- The paper introduces a dynamic, input-aware checkpointing strategy that leverages an online memory prediction model for efficient GPU training.
- It employs a quadratic regression-based memory estimator and a caching memory scheduler to minimize overhead and adapt to varying input sizes.
- Evaluation on NLP tasks shows improved training throughput and lower memory consumption compared to static checkpointing planners, while preserving convergence.
Introduction
Mimose introduces a dynamic, input-aware checkpointing strategy designed to enhance GPU memory utilization during deep learning (DL) model training. By leveraging a novel online memory prediction model, Mimose addresses the challenges posed by the fluctuating input tensor sizes commonly encountered due to diverse datasets and data augmentation practices. These fluctuations necessitate an adaptable checkpointing strategy that can optimize memory usage without incurring significant computational overhead.
The training process in DL models often involves input tensor dynamics caused by varying dataset characteristics and data augmentation techniques. For instance, datasets like SWAG, SQuAD, and GLUE-QQP exhibit distinct input size distributions that, in turn, influence GPU memory requirements.
Figure 1: Input size distributions of SWAG, SQuAD, GLUE-QQP datasets (left y-axis) and GPU memory footprints (right y-axis) when training Bert-base with batch size set to 16, 12, 32, respectively.
Traditional static checkpointing planners rigidly adhere to a conservative memory allocation strategy based on the maximum anticipated input size, leading to inefficiencies when processing smaller inputs. On the other hand, while dynamic planners such as DTR provide real-time adjustments, they often incur excessive overhead by regenerating checkpoint plans for repeated inputs, resulting in a notable computational cost (Figure 2).
Figure 2: Comparison across prior checkpointing planners, where x-axis indicates the timeline. The red arrow indicates the moment of checkpointing plan generation.
Mimose Architecture and Methodology
Mimose is architectured around three key components: a shuttling online collector, a lightning memory estimator, and a responsive memory scheduler. These components collectively facilitate the agile and efficient generation of checkpointing plans suitable for input tensors of varying sizes.
Shuttling Online Collector
The shuttling online collector operates by executing forward layer computations twice. This strategy allows it to collect per-layer memory usage data without exceeding the GPU's memory capacity. To address the PyTorch eager execution model's semantics, a data filter is applied to ensure the integrity of collected memory usage statistics.

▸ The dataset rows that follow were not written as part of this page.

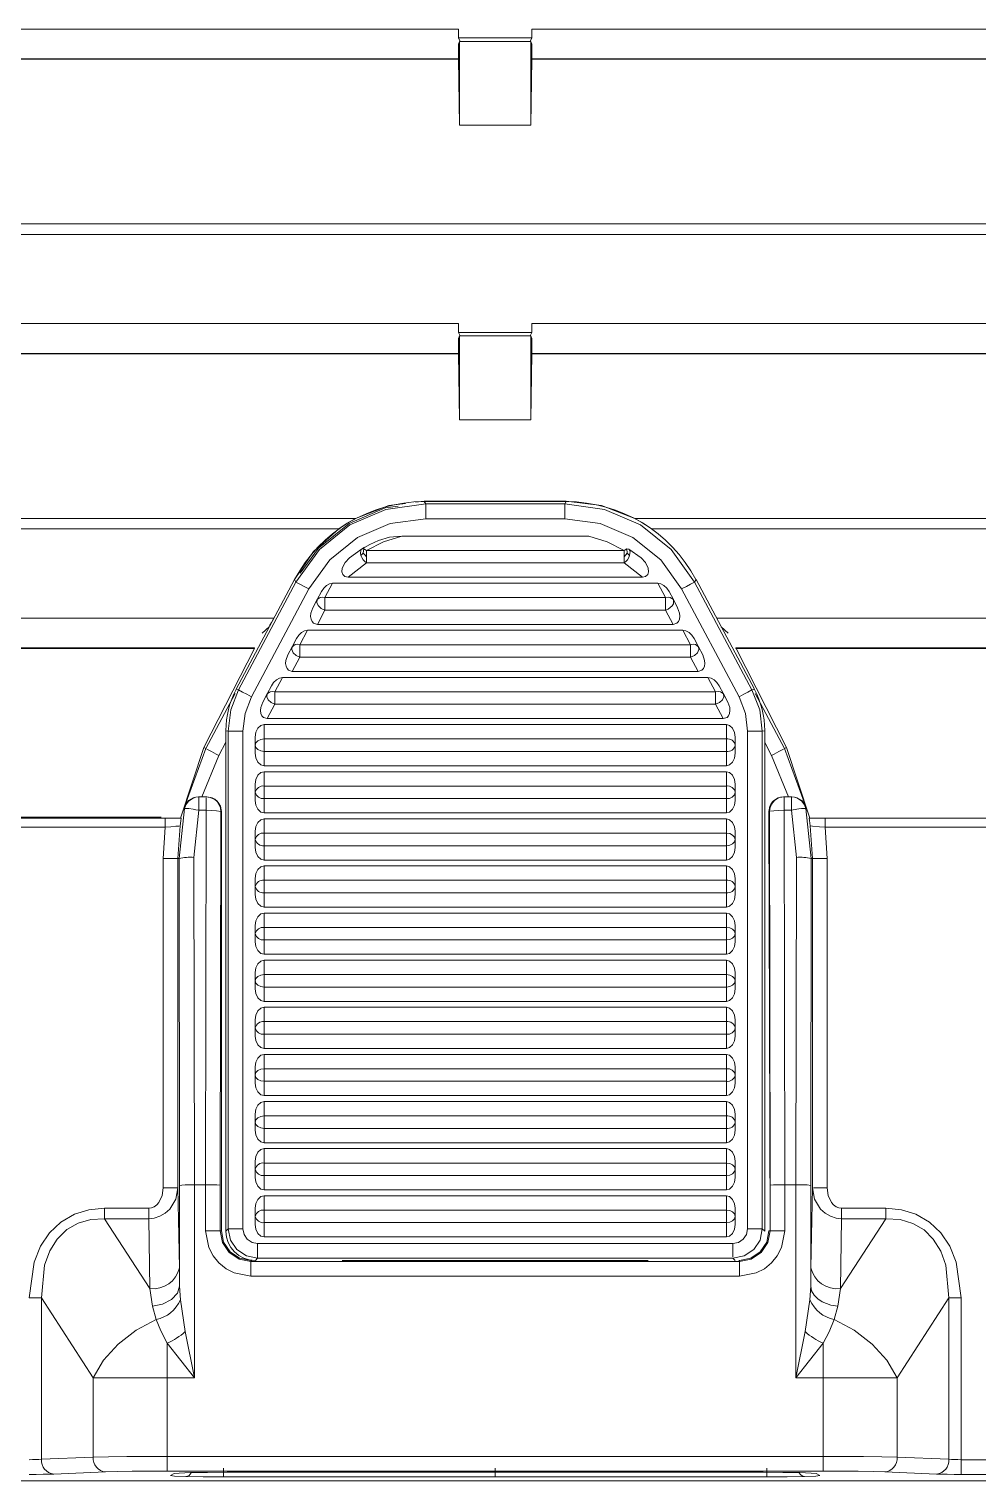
# Model space of a CAD drawing. Header units: millimetres. Extents: x -6000 to 26000, y -6000 to 26000.
# Drawn here: x 116.96 to 121.44, y -2837.61 to -2830.75 of the extents above; entities that cross this region are included whole.
import ezdxf

# ---------------------------------------------------------------- set-up
doc = ezdxf.new("R2010")
doc.units = ezdxf.units.MM
doc.header["$MEASUREMENT"] = 0
doc.layers.add('Чертеж и Рисунок_Ном._пера__7', color=7, linetype='Continuous', lineweight=15)
doc.layers.add('Чертеж и Рисунок_Ном._пера__8', color=7, linetype='Continuous', lineweight=15, true_color=0xa80f02)

msp = doc.modelspace()

# ---------------------------------------------------------------- linework, layer by layer
at = {"layer": 'Чертеж и Рисунок_Ном._пера__7', "color": 7, "linetype": 'Continuous', "lineweight": 15}
for p, q in [((113.8319, -2830.7472), (118.9884, -2830.7472)), ((118.9884, -2830.7472), (118.9884, -2830.789)), ((118.9884, -2830.789), (119.3363, -2830.789)), ((118.9884, -2830.789), (118.9969, -2830.806)), ((119.3278, -2830.806), (119.3363, -2830.789)), ((119.3363, -2830.7472), (124.4928, -2830.7472)), ((119.3363, -2830.7472), (119.3363, -2830.789)), ((118.9884, -2830.8182), (118.9945, -2830.806)), ((118.9884, -2830.8884), (118.9884, -2830.8182)), ((118.9945, -2830.806), (118.9945, -2831.2016)), ((118.9969, -2830.806), (118.9945, -2830.806)), ((118.9969, -2830.806), (119.3278, -2830.806)), ((119.3278, -2830.806), (119.3302, -2830.806)), ((119.3302, -2831.2016), (119.3302, -2830.806)), ((119.3363, -2830.8182), (119.3302, -2830.806)), ((119.3363, -2830.8182), (119.3363, -2830.8884)), ((118.989, -2830.8904), (113.8313, -2830.8904)), ((113.8319, -2830.8884), (118.9884, -2830.8884)), ((118.989, -2830.8904), (118.9884, -2830.8884)), ((118.9945, -2831.2016), (118.989, -2830.8904)), ((119.3357, -2830.8904), (119.3302, -2831.2016)), ((124.4934, -2830.8904), (119.3357, -2830.8904)), ((119.3363, -2830.8884), (119.3363, -2830.8884)), ((119.3363, -2830.8884), (124.4928, -2830.8884)), ((119.3302, -2831.2016), (118.9945, -2831.2016)), ((124.6722, -2831.6683), (113.6525, -2831.6683)), ((124.6711, -2831.7175), (113.6536, -2831.7175)), ((113.8319, -2832.139), (118.9884, -2832.139)), ((118.9884, -2832.139), (118.9884, -2832.1808)), ((119.3363, -2832.139), (124.4928, -2832.139)), ((119.3363, -2832.139), (119.3363, -2832.1808)), ((118.9884, -2832.1808), (119.3363, -2832.1808)), ((118.9884, -2832.1808), (118.9969, -2832.1978)), ((118.9884, -2832.2099), (118.9945, -2832.1978)), ((118.9884, -2832.2802), (118.9884, -2832.2099)), ((118.9945, -2832.1978), (118.9945, -2832.5933)), ((118.9969, -2832.1978), (118.9945, -2832.1978)), ((118.9969, -2832.1978), (119.3278, -2832.1978)), ((119.3278, -2832.1978), (119.3363, -2832.1808)), ((119.3278, -2832.1978), (119.3302, -2832.1978)), ((119.3302, -2832.5933), (119.3302, -2832.1978)), ((119.3363, -2832.2099), (119.3302, -2832.1978)), ((119.3363, -2832.2099), (119.3363, -2832.2802)), ((118.989, -2832.2821), (113.8313, -2832.2821)), ((113.8319, -2832.2802), (118.9884, -2832.2802)), ((118.989, -2832.2821), (118.9884, -2832.2802)), ((118.9945, -2832.5933), (118.989, -2832.2821)), ((119.3357, -2832.2821), (119.3302, -2832.5933)), ((124.4934, -2832.2821), (119.3357, -2832.2821)), ((119.3363, -2832.2802), (119.3363, -2832.2802)), ((119.3363, -2832.2802), (124.4928, -2832.2802)), ((119.3302, -2832.5933), (118.9945, -2832.5933)), ((118.7854, -2832.9829), (118.8274, -2832.9777)), ((118.8273, -2832.9806), (118.834, -2832.9917)), ((118.8273, -2832.9806), (119.4983, -2832.9806)), ((118.8274, -2832.9777), (119.4973, -2832.9777)), ((119.4983, -2832.9806), (119.4916, -2832.9917)), ((118.834, -2832.9917), (119.4916, -2832.9917)), ((113.6525, -2833.0601), (118.5016, -2833.0601)), ((113.6536, -2833.1093), (118.4227, -2833.1093)), ((118.834, -2833.0612), (119.4916, -2833.0612)), ((124.6722, -2833.0601), (119.8231, -2833.0601)), ((124.6711, -2833.1093), (119.902, -2833.1093)), ((118.7204, -2833.1433), (119.6053, -2833.1433)), ((118.4737, -2833.2469), (118.5311, -2833.2054)), ((118.5276, -2833.235), (118.5391, -2833.2243)), ((118.5534, -2833.2112), (119.7723, -2833.2112)), ((119.798, -2833.235), (119.7866, -2833.2243)), ((119.8519, -2833.2469), (119.7945, -2833.2054)), ((118.4674, -2833.3382), (118.5534, -2833.2703)), ((119.7723, -2833.2703), (118.5534, -2833.2703)), ((119.7723, -2833.2703), (119.8582, -2833.3382)), ((117.9382, -2833.8675), (118.2137, -2833.3492)), ((117.9493, -2833.8703), (118.2204, -2833.3604)), ((118.0107, -2833.9029), (118.2818, -2833.393)), ((118.2137, -2833.3492), (118.2204, -2833.3604)), ((118.394, -2833.366), (118.3579, -2833.4339)), ((118.394, -2833.366), (119.9316, -2833.366)), ((119.8582, -2833.3382), (118.4674, -2833.3382)), ((119.9316, -2833.366), (119.9677, -2833.4339)), ((120.0439, -2833.393), (120.315, -2833.9029)), ((120.1119, -2833.3492), (120.1052, -2833.3604)), ((120.1052, -2833.3604), (120.3763, -2833.8703)), ((120.1119, -2833.3492), (120.3875, -2833.8675)), ((118.3211, -2833.4438), (118.3007, -2833.4822)), ((118.3415, -2833.4054), (118.3211, -2833.4438)), ((118.3579, -2833.4339), (119.9677, -2833.4339)), ((118.3579, -2833.4929), (118.3579, -2833.4339)), ((119.9677, -2833.4929), (119.9677, -2833.4339)), ((119.9842, -2833.4054), (120.0046, -2833.4438)), ((120.025, -2833.4822), (120.0046, -2833.4438)), ((118.1162, -2833.5308), (113.8319, -2833.5308)), ((118.3218, -2833.5608), (118.3579, -2833.4929)), ((119.9677, -2833.4929), (118.3579, -2833.4929)), ((120.0038, -2833.5608), (119.9677, -2833.4929)), ((120.2085, -2833.5308), (124.4928, -2833.5308)), ((118.0609, -2833.6026), (118.0946, -2833.5725)), ((118.2756, -2833.5887), (118.2395, -2833.6566)), ((118.2756, -2833.5887), (120.05, -2833.5887)), ((120.0038, -2833.5608), (118.3218, -2833.5608)), ((120.05, -2833.5887), (120.0861, -2833.6566)), ((120.2638, -2833.6026), (120.2305, -2833.5721)), ((118.0246, -2833.6719), (113.8319, -2833.6719)), ((113.8319, -2833.6739), (118.0243, -2833.6739)), ((118.0243, -2833.6739), (117.7845, -2834.1423)), ((118.0243, -2833.6739), (118.0246, -2833.6719)), ((118.2027, -2833.6665), (118.1823, -2833.7049)), ((118.2231, -2833.6281), (118.2027, -2833.6665)), ((118.2395, -2833.6566), (120.0861, -2833.6566)), ((118.2395, -2833.7156), (118.2395, -2833.6566)), ((120.0861, -2833.7156), (120.0861, -2833.6566)), ((120.1026, -2833.6281), (120.123, -2833.6665)), ((120.1434, -2833.7049), (120.123, -2833.6665)), ((120.3004, -2833.6739), (120.3001, -2833.6719)), ((120.3001, -2833.6719), (120.5402, -2834.1423)), ((120.3001, -2833.6719), (124.4928, -2833.6719)), ((124.4928, -2833.6739), (120.3004, -2833.6739)), ((118.2034, -2833.7835), (118.2395, -2833.7156)), ((120.0861, -2833.7156), (118.2395, -2833.7156)), ((120.1222, -2833.7835), (120.0861, -2833.7156)), ((118.1211, -2833.8793), (118.1572, -2833.8114)), ((118.1572, -2833.8114), (120.1684, -2833.8114)), ((120.1222, -2833.7835), (118.2034, -2833.7835)), ((120.1684, -2833.8114), (120.2045, -2833.8793)), ((117.9382, -2833.8675), (117.9493, -2833.8703)), ((118.1047, -2833.8508), (118.0843, -2833.8892)), ((118.1211, -2833.8793), (120.2045, -2833.8793)), ((118.1211, -2833.9383), (118.1211, -2833.8793)), ((120.2045, -2833.9383), (120.2045, -2833.8793)), ((120.221, -2833.8508), (120.2414, -2833.8892)), ((120.3875, -2833.8675), (120.3763, -2833.8703)), ((117.9328, -2833.8871), (117.7943, -2834.1475)), ((118.0639, -2833.9276), (118.0843, -2833.8892)), ((118.085, -2834.0062), (118.1211, -2833.9383)), ((120.2045, -2833.9383), (118.1211, -2833.9383)), ((120.2406, -2834.0062), (120.2045, -2833.9383)), ((120.2618, -2833.9276), (120.2414, -2833.8892)), ((120.392, -2833.8873), (120.5304, -2834.1475)), ((120.2406, -2834.0062), (118.085, -2834.0062)), ((117.8894, -2834.0632), (117.9005, -2834.066)), ((117.8894, -2836.4281), (117.8894, -2834.0632)), ((117.9005, -2836.4169), (117.9005, -2834.066)), ((117.97, -2836.4169), (117.97, -2834.066)), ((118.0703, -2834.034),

Lightning Memory Estimator
The memory estimator leverages a quadratic polynomial regression model, which has been empirically validated to accurately predict the memory usage characteristics of activation tensors under varying input conditions. Its use of regression models achieves a balance between prediction accuracy and computational efficiency, with negligible latency and error rates.
Responsive Memory Scheduler
The memory scheduler incorporates a caching mechanism, reusing previously computed checkpointing plans for similar input sizes to minimize redundant computations. It applies a greedy algorithm to determine the optimal layers for checkpointing, preferring checkpoints earlier in the forward pass to mitigate peak memory consumption during backward passes (Figure 3).



Figure 3: Single-epoch times for different methods normalized to Baseline (original PyTorch without memory limit), where x-axis represents the memory budget.
Evaluation and Results
Mimose was evaluated across several NLP tasks, demonstrating consistent improvements in training throughput compared to existing planners like Sublinear and DTR. Notably, Mimose's ability to adapt checkpoint plans to current input conditions resulted in significant reductions in training time, even under constrained memory budgets, as depicted in the memory consumption analysis (Figure 4).



Figure 4: The memory consumption of Mimose processing varying sequence lengths, where MB-X refers to the memory budget of X GB.
In terms of convergence, Mimose maintained parity with the baseline without checkpointing, affirming its effectiveness in preserving model learning dynamics and ensuring consistent training outcomes.
Conclusion
Mimose's innovative approach to dynamic, input-aware checkpointing on GPUs represents a significant advancement in memory management for DL training tasks. By effectively harnessing input tensor dynamics, Mimose enhances GPU memory utilization while minimizing the overhead associated with checkpoint plan generation and application. Its superior performance across a range of NLP tasks underscores its potential as a robust solution for efficient model training under constrained memory environments. The implications for future work include extending Mimose's applicability to broader model types and exploring adaptive strategies for more complex memory patterns.